→ Prompt: Give again, word for word, every line below from the one that has "#70=EDGE_CURVE('E410',#67,#29,#53,.T.);" through the one that has "#84=FACE_BOUND('',#83,.T.);", both included, and no others.
┄┄┄┄┄┄┄┄┄┄┄┄┄┄┄┄┄┄┄┄
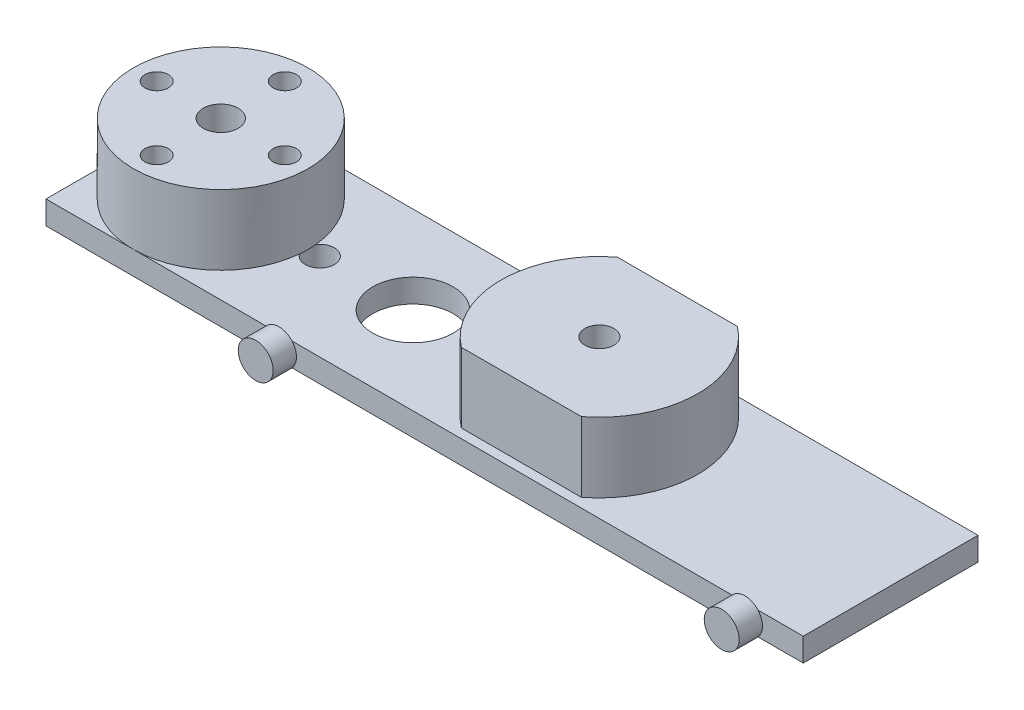
ISO-10303-21;
HEADER;
FILE_DESCRIPTION(('STEP AP214'),'2;1');
FILE_NAME('part.step','',(''),(''),'','','');
FILE_SCHEMA(('AUTOMOTIVE_DESIGN { 1 0 10303 214 1 1 1 1 }'));
ENDSEC;
DATA;
#1=APPLICATION_CONTEXT('core data for automotive mechanical design processes');
#2=APPLICATION_PROTOCOL_DEFINITION('international standard','automotive_design',2000,#1);
#3=PRODUCT_CONTEXT('',#1,'mechanical');
#4=PRODUCT('Part','Part','',(#3));
#5=PRODUCT_RELATED_PRODUCT_CATEGORY('part','',(#4));
#6=PRODUCT_DEFINITION_FORMATION('','',#4);
#7=PRODUCT_DEFINITION_CONTEXT('part definition',#1,'design');
#8=PRODUCT_DEFINITION('design','',#6,#7);
#9=PRODUCT_DEFINITION_SHAPE('','',#8);
#10=(LENGTH_UNIT() NAMED_UNIT(*) SI_UNIT(.MILLI.,.METRE.));
#11=(NAMED_UNIT(*) PLANE_ANGLE_UNIT() SI_UNIT($,.RADIAN.));
#12=(NAMED_UNIT(*) SI_UNIT($,.STERADIAN.) SOLID_ANGLE_UNIT());
#13=UNCERTAINTY_MEASURE_WITH_UNIT(LENGTH_MEASURE(1.E-05),#10,'distance_accuracy_value','');
#14=(GEOMETRIC_REPRESENTATION_CONTEXT(3) GLOBAL_UNCERTAINTY_ASSIGNED_CONTEXT((#13)) GLOBAL_UNIT_ASSIGNED_CONTEXT((#10,
#11,#12)) REPRESENTATION_CONTEXT('',''));
#15=CARTESIAN_POINT('',(0.,0.,0.));
#16=DIRECTION('',(0.,0.,1.));
#17=DIRECTION('',(1.,0.,0.));
#18=AXIS2_PLACEMENT_3D('',#15,#16,#17);
#19=CARTESIAN_POINT('',(0.,0.,0.));
#20=DIRECTION('',(0.,1.,0.));
#21=DIRECTION('',(0.,0.,1.));
#22=AXIS2_PLACEMENT_3D('',#19,#20,#21);
#23=PLANE('',#22);
#24=DIRECTION('',(0.,0.,-1.));
#25=VECTOR('',#24,1.);
#26=CARTESIAN_POINT('',(-40.,0.,0.));
#27=LINE('',#26,#25);
#28=CARTESIAN_POINT('',(-40.,0.,7.5));
#29=VERTEX_POINT('',#28);
#30=CARTESIAN_POINT('',(-40.,0.,-7.5));
#31=VERTEX_POINT('',#30);
#32=EDGE_CURVE('E406',#29,#31,#27,.T.);
#33=ORIENTED_EDGE('',*,*,#32,.T.);
#34=DIRECTION('',(-1.,0.,0.));
#35=VECTOR('',#34,1.);
#36=CARTESIAN_POINT('',(0.,0.,-7.5));
#37=LINE('',#36,#35);
#38=CARTESIAN_POINT('',(25.,0.,-7.5));
#39=VERTEX_POINT('',#38);
#40=EDGE_CURVE('E416',#39,#31,#37,.T.);
#41=ORIENTED_EDGE('',*,*,#40,.F.);
#42=DIRECTION('',(0.,0.,1.));
#43=VECTOR('',#42,1.);
#44=CARTESIAN_POINT('',(25.,0.,-7.5));
#45=LINE('',#44,#43);
#46=CARTESIAN_POINT('',(25.,0.,7.5));
#47=VERTEX_POINT('',#46);
#48=EDGE_CURVE('E382',#39,#47,#45,.T.);
#49=ORIENTED_EDGE('',*,*,#48,.T.);
#50=DIRECTION('',(-1.,0.,0.));
#51=VECTOR('',#50,1.);
#52=CARTESIAN_POINT('',(0.,0.,7.5));
#53=LINE('',#52,#51);
#54=CARTESIAN_POINT('',(21.1180339887499,0.,7.5));
#55=VERTEX_POINT('',#54);
#56=EDGE_CURVE('E412',#47,#55,#53,.T.);
#57=ORIENTED_EDGE('',*,*,#56,.T.);
#58=CARTESIAN_POINT('',(18.8819660112501,0.,7.5));
#59=VERTEX_POINT('',#58);
#60=EDGE_CURVE('E417',#55,#59,#53,.T.);
#61=ORIENTED_EDGE('',*,*,#60,.T.);
#62=CARTESIAN_POINT('',(-18.8819660112501,0.,7.5));
#63=VERTEX_POINT('',#62);
#64=EDGE_CURVE('E662',#59,#63,#53,.T.);
#65=ORIENTED_EDGE('',*,*,#64,.T.);
#66=CARTESIAN_POINT('',(-21.1180339887499,0.,7.5));
#67=VERTEX_POINT('',#66);
#68=EDGE_CURVE('E618',#63,#67,#53,.T.);
#69=ORIENTED_EDGE('',*,*,#68,.T.);
#70=EDGE_CURVE('E410',#67,#29,#53,.T.);
#71=ORIENTED_EDGE('',*,*,#70,.T.);
#72=EDGE_LOOP('',(#33,#41,#49,#57,#61,#65,#69,#71));
#73=FACE_BOUND('',#72,.T.);
#74=CARTESIAN_POINT('',(-24.,0.,0.));
#75=DIRECTION('',(0.,-1.,0.));
#76=DIRECTION('',(0.,0.,-1.));
#77=AXIS2_PLACEMENT_3D('',#74,#75,#76);
#78=CIRCLE('',#77,1.25);
#79=CARTESIAN_POINT('',(-24.,0.,-1.25));
#80=VERTEX_POINT('',#79);
#81=EDGE_CURVE('E377',#80,#80,#78,.T.);
#82=ORIENTED_EDGE('',*,*,#81,.F.);
#83=EDGE_LOOP('',(#82));
#84=FACE_BOUND('',#83,.T.);
#85=CARTESIAN_POINT('',(-16.,0.,0.));
#86=DIRECTION('',(0.,-1.,0.));
#87=DIRECTION('',(0.,0.,-1.));
#88=AXIS2_PLACEMENT_3D('',#85,#86,#87);
#89=CIRCLE('',#88,3.45);
#90=CARTESIAN_POINT('',(-16.,0.,-3.45));
#91=VERTEX_POINT('',#90);
#92=EDGE_CURVE('E386',#91,#91,#89,.T.);
#93=ORIENTED_EDGE('',*,*,#92,.F.);
#94=EDGE_LOOP('',(#93));
#95=FACE_BOUND('',#94,.T.);
#96=CARTESIAN_POINT('',(-32.5,0.,0.));
#97=DIRECTION('',(0.,1.,0.));
#98=DIRECTION('',(0.,0.,1.));
#99=AXIS2_PLACEMENT_3D('',#96,#97,#98);
#100=CIRCLE('',#99,7.2);
#101=CARTESIAN_POINT('',(-32.5,0.,7.2));
#102=VERTEX_POINT('',#101);
#103=EDGE_CURVE('E289',#102,#102,#100,.T.);
#104=ORIENTED_EDGE('',*,*,#103,.T.);
#105=EDGE_LOOP('',(#104));
#106=FACE_BOUND('',#105,.T.);
#107=DIRECTION('',(-1.,0.,0.));
#108=VECTOR('',#107,1.);
#109=CARTESIAN_POINT('',(0.,0.,6.));
#110=LINE('',#109,#108);
#111=CARTESIAN_POINT('',(4.90535421758714,0.,6.));
#112=VERTEX_POINT('',#111);
#113=CARTESIAN_POINT('',(-4.90535421758714,0.,6.));
#114=VERTEX_POINT('',#113);
#115=EDGE_CURVE('E13',#112,#114,#110,.T.);
#116=ORIENTED_EDGE('',*,*,#115,.F.);
#117=CARTESIAN_POINT('',(0.,0.,0.));
#118=DIRECTION('',(0.,1.,0.));
#119=DIRECTION('',(0.,0.,1.));
#120=AXIS2_PLACEMENT_3D('',#117,#118,#119);
#121=CIRCLE('',#120,7.75);
#122=CARTESIAN_POINT('',(4.90535421758714,0.,-6.));
#123=VERTEX_POINT('',#122);
#124=EDGE_CURVE('E444',#112,#123,#121,.T.);
#125=ORIENTED_EDGE('',*,*,#124,.T.);
#126=DIRECTION('',(-1.,0.,0.));
#127=VECTOR('',#126,1.);
#128=CARTESIAN_POINT('',(0.,0.,-6.));
#129=LINE('',#128,#127);
#130=CARTESIAN_POINT('',(-4.90535421758714,0.,-6.));
#131=VERTEX_POINT('',#130);
#132=EDGE_CURVE('E448',#123,#131,#129,.T.);
#133=ORIENTED_EDGE('',*,*,#132,.T.);
#134=CARTESIAN_POINT('',(0.,0.,0.));
#135=DIRECTION('',(0.,1.,0.));
#136=DIRECTION('',(0.,0.,1.));
#137=AXIS2_PLACEMENT_3D('',#134,#135,#136);
#138=CIRCLE('',#137,7.75);
#139=EDGE_CURVE('E131',#131,#114,#138,.T.);
#140=ORIENTED_EDGE('',*,*,#139,.T.);
#141=EDGE_LOOP('',(#116,#125,#133,#140));
#142=FACE_BOUND('',#141,.T.);
#143=ADVANCED_FACE('F121',(#73,#84,#95,#106,#142),#23,.F.);
#144=CARTESIAN_POINT('',(0.,2.,0.));
#145=DIRECTION('',(0.,1.,0.));
#146=DIRECTION('',(0.,0.,1.));
#147=AXIS2_PLACEMENT_3D('',#144,#145,#146);
#148=PLANE('',#147);
#149=CARTESIAN_POINT('',(-16.,2.,0.));
#150=DIRECTION('',(0.,1.,0.));
#151=DIRECTION('',(0.,0.,1.));
#152=AXIS2_PLACEMENT_3D('',#149,#150,#151);
#153=CIRCLE('',#152,3.45);
#154=CARTESIAN_POINT('',(-16.,2.,3.45));
#155=VERTEX_POINT('',#154);
#156=EDGE_CURVE('E357',#155,#155,#153,.F.);
#157=ORIENTED_EDGE('',*,*,#156,.T.);
#158=EDGE_LOOP('',(#157));
#159=FACE_BOUND('',#158,.T.);
#160=DIRECTION('',(-1.,0.,0.));
#161=VECTOR('',#160,1.);
#162=CARTESIAN_POINT('',(5.14902903468217,2.,-6.7));
#163=LINE('',#162,#161);
#164=CARTESIAN_POINT('',(5.14902903468217,2.,-6.7));
#165=VERTEX_POINT('',#164);
#166=CARTESIAN_POINT('',(-5.14902903468217,2.,-6.7));
#167=VERTEX_POINT('',#166);
#168=EDGE_CURVE('E335',#165,#167,#163,.T.);
#169=ORIENTED_EDGE('',*,*,#168,.F.);
#170=CARTESIAN_POINT('',(0.,2.,0.));
#171=DIRECTION('',(0.,1.,0.));
#172=DIRECTION('',(0.,0.,1.));
#173=AXIS2_PLACEMENT_3D('',#170,#171,#172);
#174=CIRCLE('',#173,8.45);
#175=CARTESIAN_POINT('',(5.14902903468217,2.,6.7));
#176=VERTEX_POINT('',#175);
#177=EDGE_CURVE('E338',#176,#165,#174,.T.);
#178=ORIENTED_EDGE('',*,*,#177,.F.);
#179=DIRECTION('',(1.,0.,0.));
#180=VECTOR('',#179,1.);
#181=CARTESIAN_POINT('',(5.14902903468217,2.,6.7));
#182=LINE('',#181,#180);
#183=CARTESIAN_POINT('',(-5.14902903468217,2.,6.7));
#184=VERTEX_POINT('',#183);
#185=EDGE_CURVE('E328',#184,#176,#182,.T.);
#186=ORIENTED_EDGE('',*,*,#185,.F.);
#187=CARTESIAN_POINT('',(0.,2.,0.));
#188=DIRECTION('',(0.,1.,0.));
#189=DIRECTION('',(0.,0.,1.));
#190=AXIS2_PLACEMENT_3D('',#187,#188,#189);
#191=CIRCLE('',#190,8.45);
#192=EDGE_CURVE('E331',#167,#184,#191,.T.);
#193=ORIENTED_EDGE('',*,*,#192,.F.);
#194=EDGE_LOOP('',(#169,#178,#186,#193));
#195=FACE_BOUND('',#194,.T.);
#196=DIRECTION('',(-1.,0.,0.));
#197=VECTOR('',#196,1.);
#198=CARTESIAN_POINT('',(0.,2.,-7.5));
#199=LINE('',#198,#197);
#200=CARTESIAN_POINT('',(25.,2.,-7.5));
#201=VERTEX_POINT('',#200);
#202=CARTESIAN_POINT('',(-32.5,2.,-7.5));
#203=VERTEX_POINT('',#202);
#204=EDGE_CURVE('E401',#201,#203,#199,.T.);
#205=ORIENTED_EDGE('',*,*,#204,.T.);
#206=CARTESIAN_POINT('',(-32.5,2.,0.));
#207=DIRECTION('',(0.,1.,0.));
#208=DIRECTION('',(0.,0.,1.));
#209=AXIS2_PLACEMENT_3D('',#206,#207,#208);
#210=CIRCLE('',#209,7.5);
#211=CARTESIAN_POINT('',(-25.0330882352941,2.,-0.703724873865408));
#212=VERTEX_POINT('',#211);
#213=EDGE_CURVE('E672',#212,#203,#210,.T.);
#214=ORIENTED_EDGE('',*,*,#213,.F.);
#215=CARTESIAN_POINT('',(-24.,2.,0.));
#216=DIRECTION('',(0.,1.,0.));
#217=DIRECTION('',(0.,0.,1.));
#218=AXIS2_PLACEMENT_3D('',#215,#216,#217);
#219=CIRCLE('',#218,1.25);
#220=CARTESIAN_POINT('',(-25.0330882352941,2.,0.703724873865418));
#221=VERTEX_POINT('',#220);
#222=EDGE_CURVE('E378',#212,#221,#219,.F.);
#223=ORIENTED_EDGE('',*,*,#222,.T.);
#224=CARTESIAN_POINT('',(-32.5,2.,7.5));
#225=VERTEX_POINT('',#224);
#226=EDGE_CURVE('E309',#225,#221,#210,.T.);
#227=ORIENTED_EDGE('',*,*,#226,.F.);
#228=DIRECTION('',(-1.,0.,0.));
#229=VECTOR('',#228,1.);
#230=CARTESIAN_POINT('',(0.,2.,7.5));
#231=LINE('',#230,#229);
#232=CARTESIAN_POINT('',(-21.1180339887499,2.,7.5));
#233=VERTEX_POINT('',#232);
#234=EDGE_CURVE('E625',#233,#225,#231,.T.);
#235=ORIENTED_EDGE('',*,*,#234,.F.);
#236=CARTESIAN_POINT('',(-18.8819660112501,2.,7.5));
#237=VERTEX_POINT('',#236);
#238=EDGE_CURVE('E630',#237,#233,#231,.T.);
#239=ORIENTED_EDGE('',*,*,#238,.F.);
#240=CARTESIAN_POINT('',(18.8819660112501,2.,7.5));
#241=VERTEX_POINT('',#240);
#242=EDGE_CURVE('E633',#241,#237,#231,.T.);
#243=ORIENTED_EDGE('',*,*,#242,.F.);
#244=CARTESIAN_POINT('',(21.1180339887499,2.,7.5));
#245=VERTEX_POINT('',#244);
#246=EDGE_CURVE('E400',#245,#241,#231,.T.);
#247=ORIENTED_EDGE('',*,*,#246,.F.);
#248=CARTESIAN_POINT('',(25.,2.,7.5));
#249=VERTEX_POINT('',#248);
#250=EDGE_CURVE('E396',#249,#245,#231,.T.);
#251=ORIENTED_EDGE('',*,*,#250,.F.);
#252=DIRECTION('',(0.,0.,1.));
#253=VECTOR('',#252,1.);
#254=CARTESIAN_POINT('',(25.,2.,-7.5));
#255=LINE('',#254,#253);
#256=EDGE_CURVE('E427',#201,#249,#255,.T.);
#257=ORIENTED_EDGE('',*,*,#256,.F.);
#258=EDGE_LOOP('',(#205,#214,#223,#227,#235,#239,#243,#247,#251,#257));
#259=FACE_BOUND('',#258,.T.);
#260=ADVANCED_FACE('F499',(#159,#195,#259),#148,.T.);
#261=DIRECTION('',(0.,0.,-1.));
#262=VECTOR('',#261,1.);
#263=CARTESIAN_POINT('',(-40.,2.,0.));
#264=LINE('',#263,#262);
#265=CARTESIAN_POINT('',(-40.,2.,0.));
#266=VERTEX_POINT('',#265);
#267=CARTESIAN_POINT('',(-40.,2.,-7.5));
#268=VERTEX_POINT('',#267);
#269=EDGE_CURVE('E395',#266,#268,#264,.T.);
#270=ORIENTED_EDGE('',*,*,#269,.F.);
#271=EDGE_CURVE('E679',#203,#266,#210,.T.);
#272=ORIENTED_EDGE('',*,*,#271,.F.);
#273=EDGE_CURVE('E399',#203,#268,#199,.T.);
#274=ORIENTED_EDGE('',*,*,#273,.T.);
#275=EDGE_LOOP('',(#270,#272,#274));
#276=FACE_BOUND('',#275,.T.);
#277=ADVANCED_FACE('F590',(#276),#148,.T.);
#278=CARTESIAN_POINT('',(-40.,2.,7.5));
#279=VERTEX_POINT('',#278);
#280=EDGE_CURVE('E394',#225,#279,#231,.T.);
#281=ORIENTED_EDGE('',*,*,#280,.F.);
#282=EDGE_CURVE('E314',#266,#225,#210,.T.);
#283=ORIENTED_EDGE('',*,*,#282,.F.);
#284=EDGE_CURVE('E390',#279,#266,#264,.T.);
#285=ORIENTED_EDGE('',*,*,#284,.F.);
┄┄┄┄┄┄┄┄┄┄┄┄┄┄┄┄┄┄┄┄
→ Output of the task:
#70=EDGE_CURVE('E410',#67,#29,#53,.T.);
#71=ORIENTED_EDGE('',*,*,#70,.T.);
#72=EDGE_LOOP('',(#33,#41,#49,#57,#61,#65,#69,#71));
#73=FACE_BOUND('',#72,.T.);
#74=CARTESIAN_POINT('',(-24.,0.,0.));
#75=DIRECTION('',(0.,-1.,0.));
#76=DIRECTION('',(0.,0.,-1.));
#77=AXIS2_PLACEMENT_3D('',#74,#75,#76);
#78=CIRCLE('',#77,1.25);
#79=CARTESIAN_POINT('',(-24.,0.,-1.25));
#80=VERTEX_POINT('',#79);
#81=EDGE_CURVE('E377',#80,#80,#78,.T.);
#82=ORIENTED_EDGE('',*,*,#81,.F.);
#83=EDGE_LOOP('',(#82));
#84=FACE_BOUND('',#83,.T.);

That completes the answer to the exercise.